*** Opening Entries shown ***

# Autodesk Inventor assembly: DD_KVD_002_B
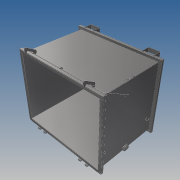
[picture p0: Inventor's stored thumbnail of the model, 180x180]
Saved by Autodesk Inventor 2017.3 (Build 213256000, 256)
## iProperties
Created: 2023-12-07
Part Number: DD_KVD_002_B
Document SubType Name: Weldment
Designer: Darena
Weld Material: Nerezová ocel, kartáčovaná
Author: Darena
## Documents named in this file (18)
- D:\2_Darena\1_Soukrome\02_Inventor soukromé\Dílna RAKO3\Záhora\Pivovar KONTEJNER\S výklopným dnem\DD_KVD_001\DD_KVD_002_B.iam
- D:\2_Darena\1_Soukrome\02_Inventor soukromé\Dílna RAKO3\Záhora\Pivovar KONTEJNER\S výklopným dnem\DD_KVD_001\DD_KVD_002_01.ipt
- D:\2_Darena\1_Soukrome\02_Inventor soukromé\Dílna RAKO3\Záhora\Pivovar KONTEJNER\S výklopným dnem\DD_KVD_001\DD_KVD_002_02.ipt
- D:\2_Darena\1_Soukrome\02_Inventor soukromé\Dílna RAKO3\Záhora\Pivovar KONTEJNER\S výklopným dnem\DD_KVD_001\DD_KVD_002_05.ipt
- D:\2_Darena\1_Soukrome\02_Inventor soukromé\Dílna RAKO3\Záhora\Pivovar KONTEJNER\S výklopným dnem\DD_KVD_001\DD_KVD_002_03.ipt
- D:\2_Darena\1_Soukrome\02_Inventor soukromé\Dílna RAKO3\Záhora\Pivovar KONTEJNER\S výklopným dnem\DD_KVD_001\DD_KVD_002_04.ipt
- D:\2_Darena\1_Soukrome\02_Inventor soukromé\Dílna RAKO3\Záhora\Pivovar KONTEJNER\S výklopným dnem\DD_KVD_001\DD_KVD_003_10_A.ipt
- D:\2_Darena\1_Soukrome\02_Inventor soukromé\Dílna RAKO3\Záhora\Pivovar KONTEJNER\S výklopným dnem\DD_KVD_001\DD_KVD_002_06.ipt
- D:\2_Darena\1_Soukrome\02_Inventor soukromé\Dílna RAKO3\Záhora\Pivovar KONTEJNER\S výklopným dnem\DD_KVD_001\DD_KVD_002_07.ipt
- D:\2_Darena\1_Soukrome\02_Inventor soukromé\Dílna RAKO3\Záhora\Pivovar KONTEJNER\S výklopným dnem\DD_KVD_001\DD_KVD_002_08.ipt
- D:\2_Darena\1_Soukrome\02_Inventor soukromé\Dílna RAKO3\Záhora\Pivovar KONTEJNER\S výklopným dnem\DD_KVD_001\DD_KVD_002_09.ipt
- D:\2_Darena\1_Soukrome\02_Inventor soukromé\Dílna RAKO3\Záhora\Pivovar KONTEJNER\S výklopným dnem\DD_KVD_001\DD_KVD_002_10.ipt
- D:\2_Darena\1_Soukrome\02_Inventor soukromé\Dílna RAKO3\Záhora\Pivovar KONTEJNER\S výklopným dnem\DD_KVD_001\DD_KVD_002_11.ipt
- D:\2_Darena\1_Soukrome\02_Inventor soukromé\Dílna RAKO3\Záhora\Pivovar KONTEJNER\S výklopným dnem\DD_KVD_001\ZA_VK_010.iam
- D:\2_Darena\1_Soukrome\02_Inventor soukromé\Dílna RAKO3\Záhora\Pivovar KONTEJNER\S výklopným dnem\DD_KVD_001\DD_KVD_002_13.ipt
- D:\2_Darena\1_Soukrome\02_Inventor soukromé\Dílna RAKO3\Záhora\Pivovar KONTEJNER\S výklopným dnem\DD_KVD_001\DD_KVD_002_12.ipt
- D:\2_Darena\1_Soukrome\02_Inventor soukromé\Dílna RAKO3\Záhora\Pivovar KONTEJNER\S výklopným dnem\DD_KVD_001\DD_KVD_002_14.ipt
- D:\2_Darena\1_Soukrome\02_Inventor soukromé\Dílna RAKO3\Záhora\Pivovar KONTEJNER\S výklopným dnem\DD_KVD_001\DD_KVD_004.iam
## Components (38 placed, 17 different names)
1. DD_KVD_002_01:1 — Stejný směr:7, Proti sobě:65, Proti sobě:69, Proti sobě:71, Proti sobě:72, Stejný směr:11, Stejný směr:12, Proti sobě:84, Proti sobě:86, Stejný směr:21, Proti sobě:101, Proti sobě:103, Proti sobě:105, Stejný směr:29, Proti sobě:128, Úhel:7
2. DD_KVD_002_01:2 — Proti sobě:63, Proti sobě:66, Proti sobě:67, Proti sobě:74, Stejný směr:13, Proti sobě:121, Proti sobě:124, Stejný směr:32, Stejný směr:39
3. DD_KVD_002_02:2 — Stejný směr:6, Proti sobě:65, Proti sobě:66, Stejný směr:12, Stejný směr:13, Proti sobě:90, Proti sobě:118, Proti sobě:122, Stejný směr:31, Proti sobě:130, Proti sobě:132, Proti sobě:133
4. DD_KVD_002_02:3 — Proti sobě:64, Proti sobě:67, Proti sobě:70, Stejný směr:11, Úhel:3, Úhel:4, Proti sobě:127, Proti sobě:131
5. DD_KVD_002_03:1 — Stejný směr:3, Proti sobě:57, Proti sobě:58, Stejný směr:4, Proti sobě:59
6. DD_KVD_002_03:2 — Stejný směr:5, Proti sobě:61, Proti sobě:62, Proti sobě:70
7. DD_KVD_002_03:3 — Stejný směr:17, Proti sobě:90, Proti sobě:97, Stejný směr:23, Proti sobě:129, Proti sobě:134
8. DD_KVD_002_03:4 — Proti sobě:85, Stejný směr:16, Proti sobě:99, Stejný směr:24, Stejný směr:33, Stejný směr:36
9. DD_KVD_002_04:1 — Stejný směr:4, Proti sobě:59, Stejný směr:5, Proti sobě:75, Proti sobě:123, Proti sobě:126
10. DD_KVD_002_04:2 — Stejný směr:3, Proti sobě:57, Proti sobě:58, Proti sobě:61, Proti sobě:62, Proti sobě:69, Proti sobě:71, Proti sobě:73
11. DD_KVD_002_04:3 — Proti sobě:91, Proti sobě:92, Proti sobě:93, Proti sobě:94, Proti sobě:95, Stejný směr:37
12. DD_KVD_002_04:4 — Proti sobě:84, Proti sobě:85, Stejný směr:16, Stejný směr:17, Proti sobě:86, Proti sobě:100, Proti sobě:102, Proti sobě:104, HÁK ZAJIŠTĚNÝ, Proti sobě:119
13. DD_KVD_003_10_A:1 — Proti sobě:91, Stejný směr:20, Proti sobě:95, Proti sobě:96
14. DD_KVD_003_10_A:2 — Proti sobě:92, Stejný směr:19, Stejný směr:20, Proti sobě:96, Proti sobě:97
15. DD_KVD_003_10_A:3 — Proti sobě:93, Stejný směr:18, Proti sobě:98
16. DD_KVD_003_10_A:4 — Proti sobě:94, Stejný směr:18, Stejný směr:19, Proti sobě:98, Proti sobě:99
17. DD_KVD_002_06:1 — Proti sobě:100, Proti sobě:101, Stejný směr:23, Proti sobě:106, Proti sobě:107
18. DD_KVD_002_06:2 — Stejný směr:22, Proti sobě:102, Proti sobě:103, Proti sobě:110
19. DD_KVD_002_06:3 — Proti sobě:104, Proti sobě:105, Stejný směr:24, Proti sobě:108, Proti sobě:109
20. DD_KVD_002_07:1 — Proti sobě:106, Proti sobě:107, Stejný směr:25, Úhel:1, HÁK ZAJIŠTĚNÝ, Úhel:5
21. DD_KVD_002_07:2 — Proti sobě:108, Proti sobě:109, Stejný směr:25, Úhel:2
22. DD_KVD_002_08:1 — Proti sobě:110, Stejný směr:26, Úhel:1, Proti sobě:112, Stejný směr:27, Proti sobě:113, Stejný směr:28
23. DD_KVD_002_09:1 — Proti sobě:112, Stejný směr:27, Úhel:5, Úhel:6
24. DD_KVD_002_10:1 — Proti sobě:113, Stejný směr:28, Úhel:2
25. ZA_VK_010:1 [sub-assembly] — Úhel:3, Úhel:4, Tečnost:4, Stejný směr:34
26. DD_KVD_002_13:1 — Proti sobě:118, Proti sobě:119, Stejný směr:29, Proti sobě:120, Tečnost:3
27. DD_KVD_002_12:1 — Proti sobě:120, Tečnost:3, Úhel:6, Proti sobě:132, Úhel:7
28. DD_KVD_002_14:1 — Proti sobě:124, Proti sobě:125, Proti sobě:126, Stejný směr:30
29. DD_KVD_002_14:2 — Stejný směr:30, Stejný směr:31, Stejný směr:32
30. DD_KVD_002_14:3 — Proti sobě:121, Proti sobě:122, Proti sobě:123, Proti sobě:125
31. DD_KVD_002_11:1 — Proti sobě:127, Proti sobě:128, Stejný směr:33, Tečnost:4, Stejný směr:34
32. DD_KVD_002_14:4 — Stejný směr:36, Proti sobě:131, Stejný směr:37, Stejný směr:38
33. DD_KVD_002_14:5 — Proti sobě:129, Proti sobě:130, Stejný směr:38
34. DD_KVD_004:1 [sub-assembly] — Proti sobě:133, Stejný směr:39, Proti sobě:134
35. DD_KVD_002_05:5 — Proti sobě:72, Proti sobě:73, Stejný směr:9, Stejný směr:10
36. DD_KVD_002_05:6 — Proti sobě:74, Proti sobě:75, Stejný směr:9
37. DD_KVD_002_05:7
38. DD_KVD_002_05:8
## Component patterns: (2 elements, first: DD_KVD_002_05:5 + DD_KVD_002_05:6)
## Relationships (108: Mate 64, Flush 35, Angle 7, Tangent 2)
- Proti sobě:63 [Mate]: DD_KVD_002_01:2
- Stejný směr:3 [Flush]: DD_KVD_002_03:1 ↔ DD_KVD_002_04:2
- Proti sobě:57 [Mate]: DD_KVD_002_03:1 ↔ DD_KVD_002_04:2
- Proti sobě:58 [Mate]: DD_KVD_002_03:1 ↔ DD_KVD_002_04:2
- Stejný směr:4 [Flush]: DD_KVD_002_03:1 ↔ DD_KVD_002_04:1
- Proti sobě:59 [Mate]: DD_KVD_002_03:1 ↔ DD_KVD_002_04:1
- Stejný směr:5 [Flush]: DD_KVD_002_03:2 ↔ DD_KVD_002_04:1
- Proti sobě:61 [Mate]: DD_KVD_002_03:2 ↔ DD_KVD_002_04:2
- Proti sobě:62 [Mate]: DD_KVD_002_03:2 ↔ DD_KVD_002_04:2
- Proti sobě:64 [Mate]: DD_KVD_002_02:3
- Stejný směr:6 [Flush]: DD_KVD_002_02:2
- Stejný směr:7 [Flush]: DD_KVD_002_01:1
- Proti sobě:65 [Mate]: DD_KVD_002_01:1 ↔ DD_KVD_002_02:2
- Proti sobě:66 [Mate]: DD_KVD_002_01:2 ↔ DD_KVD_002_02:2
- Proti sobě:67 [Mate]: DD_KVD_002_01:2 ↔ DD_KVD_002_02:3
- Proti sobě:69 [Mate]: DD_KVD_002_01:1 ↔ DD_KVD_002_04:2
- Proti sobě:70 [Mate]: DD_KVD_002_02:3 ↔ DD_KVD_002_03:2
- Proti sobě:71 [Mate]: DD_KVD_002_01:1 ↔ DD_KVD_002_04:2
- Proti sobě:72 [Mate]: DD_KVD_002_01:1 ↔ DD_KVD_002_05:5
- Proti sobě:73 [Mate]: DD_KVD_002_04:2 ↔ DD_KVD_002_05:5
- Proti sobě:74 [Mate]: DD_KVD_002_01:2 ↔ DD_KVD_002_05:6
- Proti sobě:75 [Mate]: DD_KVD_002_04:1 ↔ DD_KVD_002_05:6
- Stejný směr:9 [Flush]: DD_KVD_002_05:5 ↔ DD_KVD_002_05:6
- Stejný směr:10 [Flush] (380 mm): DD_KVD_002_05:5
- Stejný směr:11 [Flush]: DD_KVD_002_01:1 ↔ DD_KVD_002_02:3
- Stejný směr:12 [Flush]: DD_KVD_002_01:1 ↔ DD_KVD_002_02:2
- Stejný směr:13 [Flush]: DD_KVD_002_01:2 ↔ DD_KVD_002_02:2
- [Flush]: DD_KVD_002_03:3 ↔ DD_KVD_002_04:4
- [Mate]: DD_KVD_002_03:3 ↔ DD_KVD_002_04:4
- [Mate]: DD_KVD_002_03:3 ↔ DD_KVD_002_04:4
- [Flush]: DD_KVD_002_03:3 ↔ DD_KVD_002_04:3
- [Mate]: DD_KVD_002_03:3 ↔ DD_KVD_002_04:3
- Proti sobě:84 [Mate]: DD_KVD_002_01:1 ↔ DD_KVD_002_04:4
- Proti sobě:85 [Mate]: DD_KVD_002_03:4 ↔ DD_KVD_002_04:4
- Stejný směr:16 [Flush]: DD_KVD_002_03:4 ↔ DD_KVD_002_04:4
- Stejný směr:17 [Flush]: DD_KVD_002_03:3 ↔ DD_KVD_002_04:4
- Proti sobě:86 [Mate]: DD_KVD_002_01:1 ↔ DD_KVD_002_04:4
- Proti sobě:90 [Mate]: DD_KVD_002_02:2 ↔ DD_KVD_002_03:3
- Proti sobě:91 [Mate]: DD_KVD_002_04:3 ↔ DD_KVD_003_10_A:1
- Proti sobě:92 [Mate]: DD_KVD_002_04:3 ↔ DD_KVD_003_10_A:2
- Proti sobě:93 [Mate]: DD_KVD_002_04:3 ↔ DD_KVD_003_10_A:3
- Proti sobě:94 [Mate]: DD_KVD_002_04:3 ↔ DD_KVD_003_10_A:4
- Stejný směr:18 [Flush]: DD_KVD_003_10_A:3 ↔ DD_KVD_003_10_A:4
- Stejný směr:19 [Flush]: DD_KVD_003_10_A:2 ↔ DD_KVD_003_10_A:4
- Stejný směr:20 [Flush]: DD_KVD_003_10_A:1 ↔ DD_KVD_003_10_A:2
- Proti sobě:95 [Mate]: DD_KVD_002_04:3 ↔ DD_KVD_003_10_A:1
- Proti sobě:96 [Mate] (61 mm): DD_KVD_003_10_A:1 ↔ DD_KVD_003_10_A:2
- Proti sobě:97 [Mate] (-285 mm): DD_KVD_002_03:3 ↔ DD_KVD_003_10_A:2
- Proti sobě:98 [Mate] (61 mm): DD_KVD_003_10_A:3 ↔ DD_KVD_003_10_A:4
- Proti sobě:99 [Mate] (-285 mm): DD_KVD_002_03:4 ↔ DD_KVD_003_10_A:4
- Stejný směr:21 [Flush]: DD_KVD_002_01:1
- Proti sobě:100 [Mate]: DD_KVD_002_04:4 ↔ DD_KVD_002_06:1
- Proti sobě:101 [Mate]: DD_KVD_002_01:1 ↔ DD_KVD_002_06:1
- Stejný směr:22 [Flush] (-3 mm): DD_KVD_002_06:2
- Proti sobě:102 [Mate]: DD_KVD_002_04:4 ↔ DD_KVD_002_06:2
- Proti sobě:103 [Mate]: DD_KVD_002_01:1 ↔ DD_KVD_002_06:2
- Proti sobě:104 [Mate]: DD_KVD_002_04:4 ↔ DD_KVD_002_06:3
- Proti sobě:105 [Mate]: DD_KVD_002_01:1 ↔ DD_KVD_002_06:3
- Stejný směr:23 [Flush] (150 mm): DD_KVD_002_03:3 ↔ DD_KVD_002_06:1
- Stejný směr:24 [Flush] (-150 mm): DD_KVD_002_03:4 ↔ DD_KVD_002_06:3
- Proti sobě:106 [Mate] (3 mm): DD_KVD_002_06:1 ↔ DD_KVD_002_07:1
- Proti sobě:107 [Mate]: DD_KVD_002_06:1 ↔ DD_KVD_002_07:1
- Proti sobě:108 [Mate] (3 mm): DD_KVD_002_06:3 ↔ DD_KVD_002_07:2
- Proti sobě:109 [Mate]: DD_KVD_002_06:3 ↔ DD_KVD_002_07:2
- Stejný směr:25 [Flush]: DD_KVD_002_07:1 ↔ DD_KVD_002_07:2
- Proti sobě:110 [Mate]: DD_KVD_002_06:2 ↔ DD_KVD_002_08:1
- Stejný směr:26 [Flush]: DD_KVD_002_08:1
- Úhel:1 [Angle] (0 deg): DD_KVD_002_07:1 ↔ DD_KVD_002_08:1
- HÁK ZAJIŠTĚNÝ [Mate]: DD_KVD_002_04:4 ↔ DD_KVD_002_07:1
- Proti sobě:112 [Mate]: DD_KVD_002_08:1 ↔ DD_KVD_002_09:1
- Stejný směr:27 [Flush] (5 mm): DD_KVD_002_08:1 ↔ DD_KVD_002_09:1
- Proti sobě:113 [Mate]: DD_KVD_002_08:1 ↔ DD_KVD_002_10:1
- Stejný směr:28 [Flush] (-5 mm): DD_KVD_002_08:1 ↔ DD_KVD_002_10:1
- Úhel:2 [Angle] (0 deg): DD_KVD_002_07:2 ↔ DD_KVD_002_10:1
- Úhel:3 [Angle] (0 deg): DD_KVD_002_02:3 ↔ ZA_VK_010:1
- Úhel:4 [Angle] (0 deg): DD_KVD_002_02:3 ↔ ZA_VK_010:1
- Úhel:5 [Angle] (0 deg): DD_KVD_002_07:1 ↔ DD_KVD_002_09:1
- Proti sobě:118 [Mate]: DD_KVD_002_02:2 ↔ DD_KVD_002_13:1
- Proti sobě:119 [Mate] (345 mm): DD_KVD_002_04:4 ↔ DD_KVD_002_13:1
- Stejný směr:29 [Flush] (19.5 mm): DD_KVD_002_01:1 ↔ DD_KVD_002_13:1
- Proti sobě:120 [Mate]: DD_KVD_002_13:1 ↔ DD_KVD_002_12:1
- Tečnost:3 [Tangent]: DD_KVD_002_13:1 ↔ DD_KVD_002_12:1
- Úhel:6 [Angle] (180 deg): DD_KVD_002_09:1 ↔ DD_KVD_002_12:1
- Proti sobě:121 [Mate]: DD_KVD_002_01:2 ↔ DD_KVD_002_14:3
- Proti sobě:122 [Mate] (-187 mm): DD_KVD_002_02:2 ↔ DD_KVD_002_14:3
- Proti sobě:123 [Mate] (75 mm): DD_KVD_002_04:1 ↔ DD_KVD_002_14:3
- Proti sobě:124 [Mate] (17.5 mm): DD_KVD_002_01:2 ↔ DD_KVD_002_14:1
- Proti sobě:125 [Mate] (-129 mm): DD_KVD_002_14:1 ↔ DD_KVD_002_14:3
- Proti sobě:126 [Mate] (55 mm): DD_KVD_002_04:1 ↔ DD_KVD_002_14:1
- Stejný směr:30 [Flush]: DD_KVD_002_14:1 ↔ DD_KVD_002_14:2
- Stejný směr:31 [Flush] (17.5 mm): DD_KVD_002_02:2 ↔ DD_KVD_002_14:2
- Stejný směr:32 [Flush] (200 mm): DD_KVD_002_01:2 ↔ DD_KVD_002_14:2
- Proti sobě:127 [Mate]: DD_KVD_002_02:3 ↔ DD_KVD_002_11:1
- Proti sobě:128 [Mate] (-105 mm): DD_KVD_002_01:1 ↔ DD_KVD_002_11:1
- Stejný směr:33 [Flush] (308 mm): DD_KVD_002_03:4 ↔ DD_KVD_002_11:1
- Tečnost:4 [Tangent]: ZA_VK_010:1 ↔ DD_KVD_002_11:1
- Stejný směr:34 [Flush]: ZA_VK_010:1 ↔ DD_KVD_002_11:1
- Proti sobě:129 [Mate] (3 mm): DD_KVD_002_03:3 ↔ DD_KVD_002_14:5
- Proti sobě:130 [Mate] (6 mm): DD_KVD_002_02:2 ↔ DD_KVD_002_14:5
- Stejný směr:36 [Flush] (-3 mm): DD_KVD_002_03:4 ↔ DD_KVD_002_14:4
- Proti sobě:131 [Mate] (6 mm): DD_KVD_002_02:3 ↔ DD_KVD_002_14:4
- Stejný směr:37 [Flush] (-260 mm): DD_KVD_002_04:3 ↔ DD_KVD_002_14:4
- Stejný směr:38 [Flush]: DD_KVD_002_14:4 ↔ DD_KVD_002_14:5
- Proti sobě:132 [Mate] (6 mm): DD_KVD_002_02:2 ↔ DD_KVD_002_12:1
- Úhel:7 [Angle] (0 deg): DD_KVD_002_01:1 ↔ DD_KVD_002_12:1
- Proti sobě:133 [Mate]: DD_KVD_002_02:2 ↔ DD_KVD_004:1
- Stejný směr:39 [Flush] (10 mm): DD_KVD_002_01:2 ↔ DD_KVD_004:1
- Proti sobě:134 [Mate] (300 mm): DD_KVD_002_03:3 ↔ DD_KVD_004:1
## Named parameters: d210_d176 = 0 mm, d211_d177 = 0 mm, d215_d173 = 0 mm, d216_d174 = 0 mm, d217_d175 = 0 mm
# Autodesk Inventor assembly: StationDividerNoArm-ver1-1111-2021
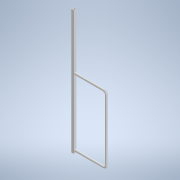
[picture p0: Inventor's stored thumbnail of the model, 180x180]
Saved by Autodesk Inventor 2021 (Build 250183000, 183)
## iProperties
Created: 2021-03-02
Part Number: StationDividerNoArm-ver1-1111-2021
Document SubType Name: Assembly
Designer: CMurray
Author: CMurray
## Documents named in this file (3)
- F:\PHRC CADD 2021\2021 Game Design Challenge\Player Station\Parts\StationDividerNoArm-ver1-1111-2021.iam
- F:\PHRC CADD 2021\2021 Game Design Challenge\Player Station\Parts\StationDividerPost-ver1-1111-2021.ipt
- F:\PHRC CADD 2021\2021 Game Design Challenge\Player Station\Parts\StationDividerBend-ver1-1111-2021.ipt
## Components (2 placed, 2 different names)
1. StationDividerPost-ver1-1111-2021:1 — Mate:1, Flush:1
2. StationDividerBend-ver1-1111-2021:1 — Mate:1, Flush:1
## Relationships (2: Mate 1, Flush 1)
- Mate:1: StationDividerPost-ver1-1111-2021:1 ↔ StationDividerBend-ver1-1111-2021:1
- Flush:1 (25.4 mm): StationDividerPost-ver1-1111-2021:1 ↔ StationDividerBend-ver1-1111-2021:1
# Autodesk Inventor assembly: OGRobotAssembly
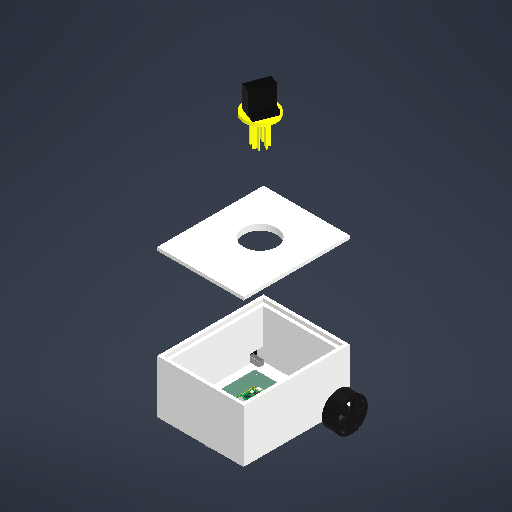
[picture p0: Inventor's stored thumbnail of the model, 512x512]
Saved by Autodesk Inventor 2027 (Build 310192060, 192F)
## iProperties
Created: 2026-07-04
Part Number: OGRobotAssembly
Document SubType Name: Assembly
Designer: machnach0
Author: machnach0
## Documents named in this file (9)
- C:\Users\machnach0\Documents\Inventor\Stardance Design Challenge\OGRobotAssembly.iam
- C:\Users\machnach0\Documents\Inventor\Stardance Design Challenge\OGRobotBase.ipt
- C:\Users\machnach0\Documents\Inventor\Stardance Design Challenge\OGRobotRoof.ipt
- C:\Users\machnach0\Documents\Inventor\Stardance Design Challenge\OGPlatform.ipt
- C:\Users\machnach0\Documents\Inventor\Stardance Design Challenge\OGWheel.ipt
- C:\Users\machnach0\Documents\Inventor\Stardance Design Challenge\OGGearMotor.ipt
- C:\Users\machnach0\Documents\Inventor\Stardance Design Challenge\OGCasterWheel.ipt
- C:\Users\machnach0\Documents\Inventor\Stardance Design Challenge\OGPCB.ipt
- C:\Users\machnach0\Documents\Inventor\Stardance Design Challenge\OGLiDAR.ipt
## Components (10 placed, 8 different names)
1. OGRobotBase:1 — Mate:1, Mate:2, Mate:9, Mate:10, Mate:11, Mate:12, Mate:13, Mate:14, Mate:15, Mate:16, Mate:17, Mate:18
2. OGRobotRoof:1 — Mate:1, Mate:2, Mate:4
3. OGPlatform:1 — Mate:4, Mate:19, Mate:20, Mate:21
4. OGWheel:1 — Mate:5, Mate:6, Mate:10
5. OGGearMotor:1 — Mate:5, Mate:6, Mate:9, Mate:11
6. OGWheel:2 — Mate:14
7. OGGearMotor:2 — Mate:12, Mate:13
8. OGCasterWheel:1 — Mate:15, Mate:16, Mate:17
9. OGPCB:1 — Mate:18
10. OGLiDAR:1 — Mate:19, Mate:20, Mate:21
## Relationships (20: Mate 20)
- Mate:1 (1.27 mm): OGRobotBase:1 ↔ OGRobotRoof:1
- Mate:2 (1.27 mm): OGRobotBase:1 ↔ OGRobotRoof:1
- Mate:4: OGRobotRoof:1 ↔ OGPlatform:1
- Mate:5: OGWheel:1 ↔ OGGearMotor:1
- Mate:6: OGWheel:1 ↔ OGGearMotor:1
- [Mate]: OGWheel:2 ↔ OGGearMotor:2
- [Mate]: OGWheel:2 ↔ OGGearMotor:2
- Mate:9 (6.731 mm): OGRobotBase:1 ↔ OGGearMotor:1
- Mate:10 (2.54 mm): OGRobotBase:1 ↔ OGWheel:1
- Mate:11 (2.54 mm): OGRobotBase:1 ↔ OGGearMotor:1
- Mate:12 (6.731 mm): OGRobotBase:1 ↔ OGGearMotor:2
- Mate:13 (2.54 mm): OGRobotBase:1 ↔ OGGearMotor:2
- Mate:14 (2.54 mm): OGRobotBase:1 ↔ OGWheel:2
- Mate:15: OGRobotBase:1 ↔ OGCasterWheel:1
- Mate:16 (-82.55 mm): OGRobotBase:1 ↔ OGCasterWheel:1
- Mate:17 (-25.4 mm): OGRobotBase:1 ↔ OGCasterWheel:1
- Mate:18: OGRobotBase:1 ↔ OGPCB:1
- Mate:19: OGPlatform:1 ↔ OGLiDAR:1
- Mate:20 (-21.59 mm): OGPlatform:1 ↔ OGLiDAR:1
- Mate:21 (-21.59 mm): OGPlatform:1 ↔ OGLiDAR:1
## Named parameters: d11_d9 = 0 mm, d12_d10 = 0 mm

*** Closing Entries shown ***

■ Work to complete
In the listing above, find the line with "22. DD_KVD_002_08:1 —" and the line with "24. DD_KVD_002_10:1 —"; set down exactly those two lines and every line between them, nothing more.

■ Written reply
22. DD_KVD_002_08:1 — Proti sobě:110, Stejný směr:26, Úhel:1, Proti sobě:112, Stejný směr:27, Proti sobě:113, Stejný směr:28
23. DD_KVD_002_09:1 — Proti sobě:112, Stejný směr:27, Úhel:5, Úhel:6
24. DD_KVD_002_10:1 — Proti sobě:113, Stejný směr:28, Úhel:2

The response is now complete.